- Opening Delimiter -

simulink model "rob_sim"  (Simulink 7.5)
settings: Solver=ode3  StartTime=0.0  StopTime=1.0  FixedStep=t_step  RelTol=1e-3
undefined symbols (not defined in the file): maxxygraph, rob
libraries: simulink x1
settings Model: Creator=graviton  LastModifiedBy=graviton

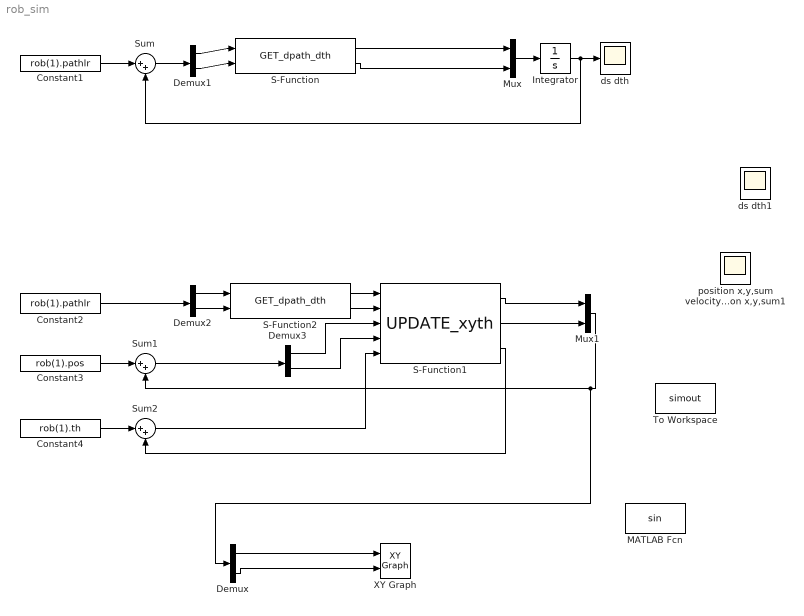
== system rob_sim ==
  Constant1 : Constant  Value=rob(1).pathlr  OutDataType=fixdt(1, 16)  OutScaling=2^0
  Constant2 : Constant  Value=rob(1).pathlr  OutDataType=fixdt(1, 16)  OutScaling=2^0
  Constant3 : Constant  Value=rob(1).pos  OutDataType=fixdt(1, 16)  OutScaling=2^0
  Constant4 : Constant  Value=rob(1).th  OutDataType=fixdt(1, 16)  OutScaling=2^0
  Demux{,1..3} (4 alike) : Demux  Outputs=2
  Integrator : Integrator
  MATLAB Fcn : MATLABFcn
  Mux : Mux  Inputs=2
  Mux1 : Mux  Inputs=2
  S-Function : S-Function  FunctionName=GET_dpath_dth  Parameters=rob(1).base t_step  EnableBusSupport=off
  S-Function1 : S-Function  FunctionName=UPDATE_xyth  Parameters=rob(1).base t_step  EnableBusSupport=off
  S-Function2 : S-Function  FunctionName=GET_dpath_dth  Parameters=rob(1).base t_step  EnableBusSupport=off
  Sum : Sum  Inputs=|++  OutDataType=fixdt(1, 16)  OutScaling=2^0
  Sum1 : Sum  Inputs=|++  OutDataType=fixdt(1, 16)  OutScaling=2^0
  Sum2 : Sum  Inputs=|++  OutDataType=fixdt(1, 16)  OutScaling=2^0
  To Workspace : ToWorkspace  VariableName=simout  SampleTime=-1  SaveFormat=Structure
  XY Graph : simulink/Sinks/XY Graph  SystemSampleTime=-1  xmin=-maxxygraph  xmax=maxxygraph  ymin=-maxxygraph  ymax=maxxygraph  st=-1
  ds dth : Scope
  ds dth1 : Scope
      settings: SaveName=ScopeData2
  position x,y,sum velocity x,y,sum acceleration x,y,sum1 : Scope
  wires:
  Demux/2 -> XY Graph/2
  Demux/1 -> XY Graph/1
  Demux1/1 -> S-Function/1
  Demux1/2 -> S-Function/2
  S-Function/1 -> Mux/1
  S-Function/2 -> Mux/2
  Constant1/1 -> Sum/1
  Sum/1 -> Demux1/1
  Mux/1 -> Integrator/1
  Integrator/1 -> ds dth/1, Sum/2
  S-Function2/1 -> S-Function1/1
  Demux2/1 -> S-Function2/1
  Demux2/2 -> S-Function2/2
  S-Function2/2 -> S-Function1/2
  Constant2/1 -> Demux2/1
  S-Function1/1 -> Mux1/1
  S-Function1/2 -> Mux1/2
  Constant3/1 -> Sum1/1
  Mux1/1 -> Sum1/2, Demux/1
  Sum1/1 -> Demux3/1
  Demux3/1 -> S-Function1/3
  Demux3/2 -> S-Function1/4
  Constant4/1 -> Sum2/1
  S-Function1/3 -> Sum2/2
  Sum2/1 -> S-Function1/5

- Closing Delimiter -

» **REQUIREMENT**
Copy all the lines from the data above that hold the word "EnableBusSupport".

» **WRITTEN RESPONSE**
  S-Function : S-Function  FunctionName=GET_dpath_dth  Parameters=rob(1).base t_step  EnableBusSupport=off
  S-Function1 : S-Function  FunctionName=UPDATE_xyth  Parameters=rob(1).base t_step  EnableBusSupport=off
  S-Function2 : S-Function  FunctionName=GET_dpath_dth  Parameters=rob(1).base t_step  EnableBusSupport=off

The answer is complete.